[[ Data to examine open ]]

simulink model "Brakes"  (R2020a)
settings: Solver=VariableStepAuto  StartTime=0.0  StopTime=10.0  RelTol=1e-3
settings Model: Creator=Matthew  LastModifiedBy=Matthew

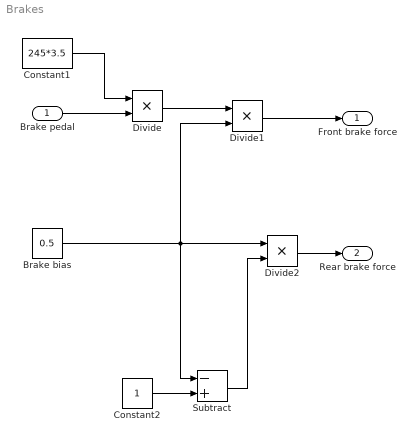
== system Brakes ==
  Brake pedal : Inport
  Brake bias : Constant  Value=0.5
  Constant1 : Constant  Value=245*3.5
  Constant2 : Constant
  Divide : Product  Inputs=**
  Divide1 : Product  Inputs=**
  Divide2 : Product  Inputs=**
  Subtract : Sum  Inputs=-+
  Front brake force : Outport
  Rear brake force : Outport  Port=2
  wires:
  Brake pedal/1 -> Divide/2
  Constant1/1 -> Divide/1
  Divide/1 -> Divide1/1
  Brake bias/1 -> Subtract/1, Divide1/2, Divide2/1
  Divide1/1 -> Front brake force/1
  Constant2/1 -> Subtract/2
  Divide2/1 -> Rear brake force/1
  Subtract/1 -> Divide2/2
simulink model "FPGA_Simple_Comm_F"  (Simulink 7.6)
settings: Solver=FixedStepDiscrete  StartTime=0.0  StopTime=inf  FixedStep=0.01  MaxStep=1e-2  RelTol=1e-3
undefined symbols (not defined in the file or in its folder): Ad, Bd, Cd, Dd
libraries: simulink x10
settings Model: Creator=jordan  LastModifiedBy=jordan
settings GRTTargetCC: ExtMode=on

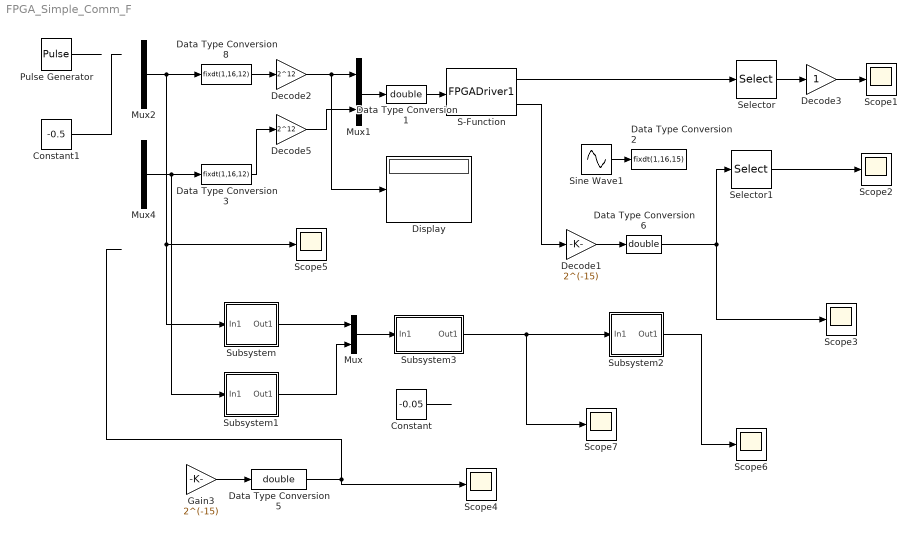
== system FPGA_Simple_Comm_F ==
  Constant : Constant  Value=-0.05
  Constant1 : Constant  Value=-0.5
  Data Type Conversion1 : DataTypeConversion  OutDataTypeStr=double
  Data Type Conversion2 : DataTypeConversion  OutDataTypeStr=fixdt(1,16,15)  SaturateOnIntegerOverflow=on
  Data Type Conversion3 : DataTypeConversion  OutDataTypeStr=fixdt(1,16,12)  SaturateOnIntegerOverflow=on
  Data Type Conversion5 : DataTypeConversion  OutDataTypeStr=double  SaturateOnIntegerOverflow=on
  Data Type Conversion6 : DataTypeConversion  OutDataTypeStr=double
  Data Type Conversion8 : DataTypeConversion  OutDataTypeStr=fixdt(1,16,12)  SaturateOnIntegerOverflow=on
  Decode1 : Gain  Gain=2^(-15)  OutDataTypeStr=fixdt(1,16,15)  SampleTime=0.01
  Decode2 : Gain  Gain=2^12  OutDataTypeStr=int16
  Decode3 : Gain  OutDataTypeStr=Inherit: Inherit via back propagation  SampleTime=0.01
  Decode5 : Gain  Gain=2^12  OutDataTypeStr=int16
  Display : Display
  Gain3 : Gain  Gain=2^(-15)  OutDataTypeStr=fixdt(1,16,15)
  Mux : Mux  Inputs=2
  Mux1 : Mux  Inputs=2
  Mux2 : Mux  Inputs=3
  Mux4 : Mux  Inputs=3
  Pulse Generator : DiscretePulseGenerator  PulseType=Time based  Amplitude=0.01  PulseWidth=50  PhaseDelay=1  SampleTime=0.01
  S-Function : S-Function  FunctionName=FPGADriver1  EnableBusSupport=off
  Scope{1..7} (7 alike) : Scope
      Scope1 settings: TimeRange=14  YMin=0  YMax=275
      Scope2 settings: TimeRange=15  YMin=-1  YMax=1  SaveName=ScopeData2
      Scope3 settings: TimeRange=4.5  YMin=0  YMax=0.0012
      Scope4 settings: TimeRange=4  YMin=0  YMax=0.2  SaveName=ScopeData3
      Scope5 settings: TimeRange=4  YMin=0  YMax=0.2  SaveName=ScopeData4
      Scope6 settings: TimeRange=4  YMin=0  YMax=0.2  SaveName=ScopeData5
      Scope7 settings: TimeRange=4  YMin=0  YMax=0.2  SaveName=ScopeData6
  Selector : Selector  InputPortWidth=4  IndexOptions=Index vector (dialog)  Indices=2  OutputSizes=1
  Selector1 : Selector  InputPortWidth=4  IndexOptions=Index vector (dialog)  Indices=1  OutputSizes=1
  Sine Wave1 : Sin  Amplitude=0.8  Frequency=2*pi  SampleTime=0.01
  Subsystem : Subsystem
  Subsystem1 : Subsystem
  Subsystem2 : Subsystem
  Subsystem3 : Subsystem
  wires:
  Sine Wave1/1 -> Data Type Conversion2/1
  Decode1/1 -> Data Type Conversion6/1
  S-Function/1 -> Selector/1
  Selector/1 -> Decode3/1
  S-Function/2 -> Decode1/1
  Decode2/1 -> Mux1/1, Display/1
  Data Type Conversion1/1 -> S-Function/1
  Decode3/1 -> Scope1/1
  Mux1/1 -> Data Type Conversion1/1
  Decode5/1 -> Mux1/2
  Mux2/1 -> Data Type Conversion8/1, Subsystem/1(In1), Scope5/1
  Mux4/1 -> Data Type Conversion3/1, Subsystem1/1(In1)
  Data Type Conversion6/1 -> Selector1/1, Scope3/1
  Data Type Conversion8/1 -> Decode2/1
  Data Type Conversion3/1 -> Decode5/1
  Subsystem/1(Out1) -> Mux/1
  Subsystem1/1(Out1) -> Mux/2
  Mux/1 -> Subsystem3/1(In1)
  Subsystem3/1(Out1) -> Subsystem2/1(In1), Scope7/1
  Subsystem2/1(Out1) -> Scope6/1
  Selector1/1 -> Scope2/1
  Gain3/1 -> Data Type Conversion5/1
  ? -> Gain3/1
  Data Type Conversion5/1 -> Scope4/1
  Constant/1 -> ?
  Pulse Generator/1 -> ?
  Constant1/1 -> ?

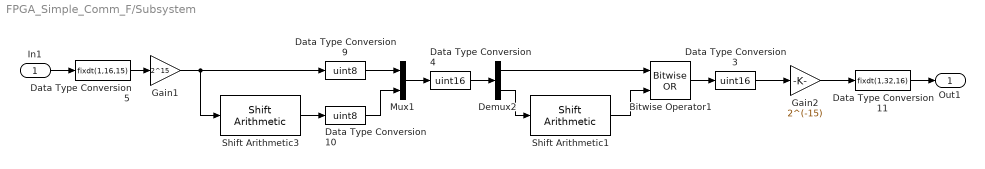
== system FPGA_Simple_Comm_F/Subsystem ==
  In1 : Inport
  Bitwise Operator1 : simulink/Logic and Bit Operations/Bitwise Operator  logicop=OR  UseBitMask=off  NumInputPorts=2  BitMask=bin2dec('11011001')  BitMaskRealWorld=Stored Integer
  Data Type Conversion10 : DataTypeConversion  OutDataTypeStr=uint8
  Data Type Conversion11 : DataTypeConversion  OutDataTypeStr=fixdt(1,32,16)
  Data Type Conversion3 : DataTypeConversion  OutDataTypeStr=uint16
  Data Type Conversion4 : DataTypeConversion  OutDataTypeStr=uint16
  Data Type Conversion5 : DataTypeConversion  OutDataTypeStr=fixdt(1,16,15)  SaturateOnIntegerOverflow=on
  Data Type Conversion9 : DataTypeConversion  OutDataTypeStr=uint8
  Demux2 : Demux  Outputs=2
  Gain1 : Gain  Gain=2^15  OutDataTypeStr=int16  SaturateOnIntegerOverflow=on
  Gain2 : Gain  Gain=2^(-15)  OutDataTypeStr=fixdt(1,16,15)
  Mux1 : Mux  Inputs=2
  Shift Arithmetic1 : simulink/Logic and Bit Operations/Shift Arithmetic  SystemSampleTime=-1  nBitShiftRight=-8  nBinPtShiftRight=0
  Shift Arithmetic3 : simulink/Logic and Bit Operations/Shift Arithmetic  SystemSampleTime=-1  nBitShiftRight=8  nBinPtShiftRight=0
  Out1 : Outport
  wires:
  Demux2/2 -> Shift Arithmetic1/1
  Demux2/1 -> Bitwise Operator1/1
  Shift Arithmetic1/1 -> Bitwise Operator1/2
  Bitwise Operator1/1 -> Data Type Conversion3/1
  Data Type Conversion4/1 -> Demux2/1
  Data Type Conversion3/1 -> Gain2/1
  Gain1/1 -> Data Type Conversion9/1, Shift Arithmetic3/1
  Shift Arithmetic3/1 -> Data Type Conversion10/1
  Data Type Conversion9/1 -> Mux1/1
  Data Type Conversion10/1 -> Mux1/2
  Mux1/1 -> Data Type Conversion4/1
  Data Type Conversion5/1 -> Gain1/1
  Gain2/1 -> Data Type Conversion11/1
  In1/1 -> Data Type Conversion5/1
  Data Type Conversion11/1 -> Out1/1

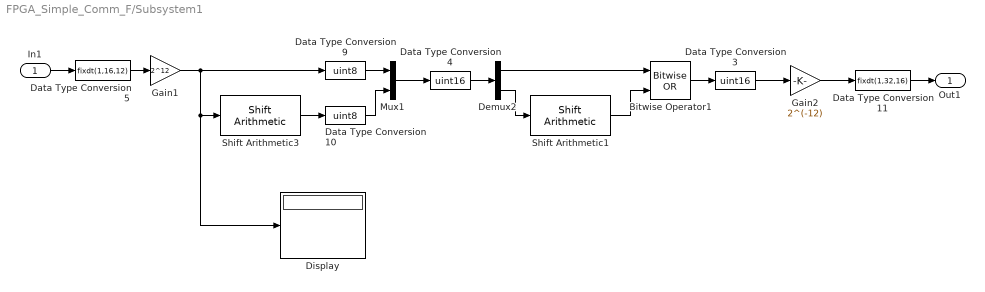
== system FPGA_Simple_Comm_F/Subsystem1 ==
  In1 : Inport
  Bitwise Operator1 : simulink/Logic and Bit Operations/Bitwise Operator  logicop=OR  UseBitMask=off  NumInputPorts=2  BitMask=bin2dec('11011001')  BitMaskRealWorld=Stored Integer
  Data Type Conversion10 : DataTypeConversion  OutDataTypeStr=uint8
  Data Type Conversion11 : DataTypeConversion  OutDataTypeStr=fixdt(1,32,16)
  Data Type Conversion3 : DataTypeConversion  OutDataTypeStr=uint16
  Data Type Conversion4 : DataTypeConversion  OutDataTypeStr=uint16
  Data Type Conversion5 : DataTypeConversion  OutDataTypeStr=fixdt(1,16,12)  SaturateOnIntegerOverflow=on
  Data Type Conversion9 : DataTypeConversion  OutDataTypeStr=uint8
  Demux2 : Demux  Outputs=2
  Display : Display
  Gain1 : Gain  Gain=2^12  OutDataTypeStr=int16  SaturateOnIntegerOverflow=on
  Gain2 : Gain  Gain=2^(-12)  OutDataTypeStr=fixdt(1,16,12)
  Mux1 : Mux  Inputs=2
  Shift Arithmetic1 : simulink/Logic and Bit Operations/Shift Arithmetic  SystemSampleTime=-1  nBitShiftRight=-8  nBinPtShiftRight=0
  Shift Arithmetic3 : simulink/Logic and Bit Operations/Shift Arithmetic  SystemSampleTime=-1  nBitShiftRight=8  nBinPtShiftRight=0
  Out1 : Outport
  wires:
  Data Type Conversion11/1 -> Out1/1
  In1/1 -> Data Type Conversion5/1
  Gain2/1 -> Data Type Conversion11/1
  Data Type Conversion5/1 -> Gain1/1
  Mux1/1 -> Data Type Conversion4/1
  Data Type Conversion10/1 -> Mux1/2
  Data Type Conversion9/1 -> Mux1/1
  Shift Arithmetic3/1 -> Data Type Conversion10/1
  Gain1/1 -> Data Type Conversion9/1, Shift Arithmetic3/1, Display/1
  Data Type Conversion3/1 -> Gain2/1
  Data Type Conversion4/1 -> Demux2/1
  Bitwise Operator1/1 -> Data Type Conversion3/1
  Shift Arithmetic1/1 -> Bitwise Operator1/2
  Demux2/1 -> Bitwise Operator1/1
  Demux2/2 -> Shift Arithmetic1/1

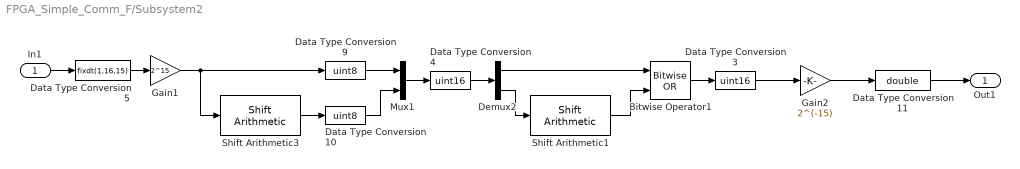
== system FPGA_Simple_Comm_F/Subsystem2 ==
  In1 : Inport
  Bitwise Operator1 : simulink/Logic and Bit Operations/Bitwise Operator  logicop=OR  UseBitMask=off  NumInputPorts=2  BitMask=bin2dec('11011001')  BitMaskRealWorld=Stored Integer
  Data Type Conversion10 : DataTypeConversion  OutDataTypeStr=uint8
  Data Type Conversion11 : DataTypeConversion  OutDataTypeStr=double
  Data Type Conversion3 : DataTypeConversion  OutDataTypeStr=uint16
  Data Type Conversion4 : DataTypeConversion  OutDataTypeStr=uint16
  Data Type Conversion5 : DataTypeConversion  OutDataTypeStr=fixdt(1,16,15)  SaturateOnIntegerOverflow=on
  Data Type Conversion9 : DataTypeConversion  OutDataTypeStr=uint8
  Demux2 : Demux  Outputs=2
  Gain1 : Gain  Gain=2^15  OutDataTypeStr=int16  SaturateOnIntegerOverflow=on
  Gain2 : Gain  Gain=2^(-15)  OutDataTypeStr=fixdt(1,16,15)
  Mux1 : Mux  Inputs=2
  Shift Arithmetic1 : simulink/Logic and Bit Operations/Shift Arithmetic  SystemSampleTime=-1  nBitShiftRight=-8  nBinPtShiftRight=0
  Shift Arithmetic3 : simulink/Logic and Bit Operations/Shift Arithmetic  SystemSampleTime=-1  nBitShiftRight=8  nBinPtShiftRight=0
  Out1 : Outport
  wires:
  Data Type Conversion11/1 -> Out1/1
  In1/1 -> Data Type Conversion5/1
  Gain2/1 -> Data Type Conversion11/1
  Data Type Conversion5/1 -> Gain1/1
  Mux1/1 -> Data Type Conversion4/1
  Data Type Conversion10/1 -> Mux1/2
  Data Type Conversion9/1 -> Mux1/1
  Shift Arithmetic3/1 -> Data Type Conversion10/1
  Gain1/1 -> Shift Arithmetic3/1, Data Type Conversion9/1
  Data Type Conversion3/1 -> Gain2/1
  Data Type Conversion4/1 -> Demux2/1
  Bitwise Operator1/1 -> Data Type Conversion3/1
  Shift Arithmetic1/1 -> Bitwise Operator1/2
  Demux2/1 -> Bitwise Operator1/1
  Demux2/2 -> Shift Arithmetic1/1

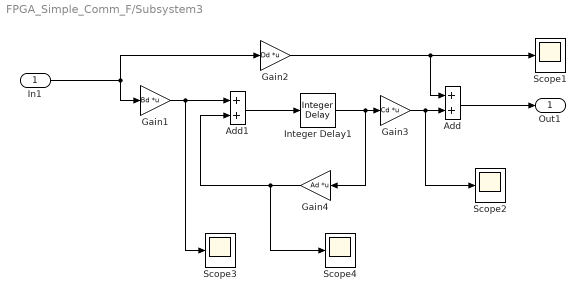
== system FPGA_Simple_Comm_F/Subsystem3 ==
  In1 : Inport
  Add : Sum  AccumDataTypeStr=fixdt(1,32,16)  OutDataTypeStr=fixdt(1,32,16)
  Add1 : Sum  AccumDataTypeStr=fixdt(1,32,16)  OutDataTypeStr=fixdt(1,32,16)
  Gain1 : Gain  Gain=Bd  Multiplication=Matrix(K*u) (u vector)  ParamDataTypeStr=fixdt(1,32,16)  OutDataTypeStr=fixdt(1,32,16)
  Gain2 : Gain  Gain=Dd  Multiplication=Matrix(K*u) (u vector)  ParamDataTypeStr=fixdt(1,32,16)  OutDataTypeStr=fixdt(1,32,16)
  Gain3 : Gain  Gain=Cd  Multiplication=Matrix(K*u) (u vector)  ParamDataTypeStr=fixdt(1,32,16)  OutDataTypeStr=fixdt(1,32,16)
  Gain4 : Gain  Gain=Ad  Multiplication=Matrix(K*u) (u vector)  ParamDataTypeStr=fixdt(1,32,16)  OutDataTypeStr=fixdt(1,32,16)
  Integer Delay1 : simulink/Discrete/Integer Delay  NumDelays=1  vinit=0.0  samptime=0.01
  Scope{1..4} (4 alike) : Scope
      Scope1 settings: TimeRange=1  YMin=-0.02  YMax=0.14  SaveName=ScopeData39
      Scope2 settings: TimeRange=1  YMin=-0.02  YMax=0.14  SaveName=ScopeData40
      Scope3 settings: TimeRange=1  YMin=-0.02  YMax=0.14  SaveName=ScopeData38
      Scope4 settings: TimeRange=1  YMin=-0.02  YMax=0.14  SaveName=ScopeData41
  Out1 : Outport
  wires:
  Integer Delay1/1 -> Gain3/1, Gain4/1
  Add1/1 -> Integer Delay1/1
  Gain1/1 -> Add1/1, Scope3/1
  Gain2/1 -> Add/1, Scope1/1
  In1/1 -> Gain2/1, Gain1/1
  Gain3/1 -> Add/2, Scope2/1
  Add/1 -> Out1/1
  Gain4/1 -> Add1/2, Scope4/1

[[ Data to examine closed ]]

● **Exercise instructions**
Using the records above, return verbatim only the part that opens with the line containing "settings Model: Creator=jordan" and closes with the line containing "Pulse Generator : DiscretePulseGenerator"; pictures stay out.

● **Written response**
settings Model: Creator=jordan  LastModifiedBy=jordan
settings GRTTargetCC: ExtMode=on

== system FPGA_Simple_Comm_F ==
  Constant : Constant  Value=-0.05
  Constant1 : Constant  Value=-0.5
  Data Type Conversion1 : DataTypeConversion  OutDataTypeStr=double
  Data Type Conversion2 : DataTypeConversion  OutDataTypeStr=fixdt(1,16,15)  SaturateOnIntegerOverflow=on
  Data Type Conversion3 : DataTypeConversion  OutDataTypeStr=fixdt(1,16,12)  SaturateOnIntegerOverflow=on
  Data Type Conversion5 : DataTypeConversion  OutDataTypeStr=double  SaturateOnIntegerOverflow=on
  Data Type Conversion6 : DataTypeConversion  OutDataTypeStr=double
  Data Type Conversion8 : DataTypeConversion  OutDataTypeStr=fixdt(1,16,12)  SaturateOnIntegerOverflow=on
  Decode1 : Gain  Gain=2^(-15)  OutDataTypeStr=fixdt(1,16,15)  SampleTime=0.01
  Decode2 : Gain  Gain=2^12  OutDataTypeStr=int16
  Decode3 : Gain  OutDataTypeStr=Inherit: Inherit via back propagation  SampleTime=0.01
  Decode5 : Gain  Gain=2^12  OutDataTypeStr=int16
  Display : Display
  Gain3 : Gain  Gain=2^(-15)  OutDataTypeStr=fixdt(1,16,15)
  Mux : Mux  Inputs=2
  Mux1 : Mux  Inputs=2
  Mux2 : Mux  Inputs=3
  Mux4 : Mux  Inputs=3
  Pulse Generator : DiscretePulseGenerator  PulseType=Time based  Amplitude=0.01  PulseWidth=50  PhaseDelay=1  SampleTime=0.01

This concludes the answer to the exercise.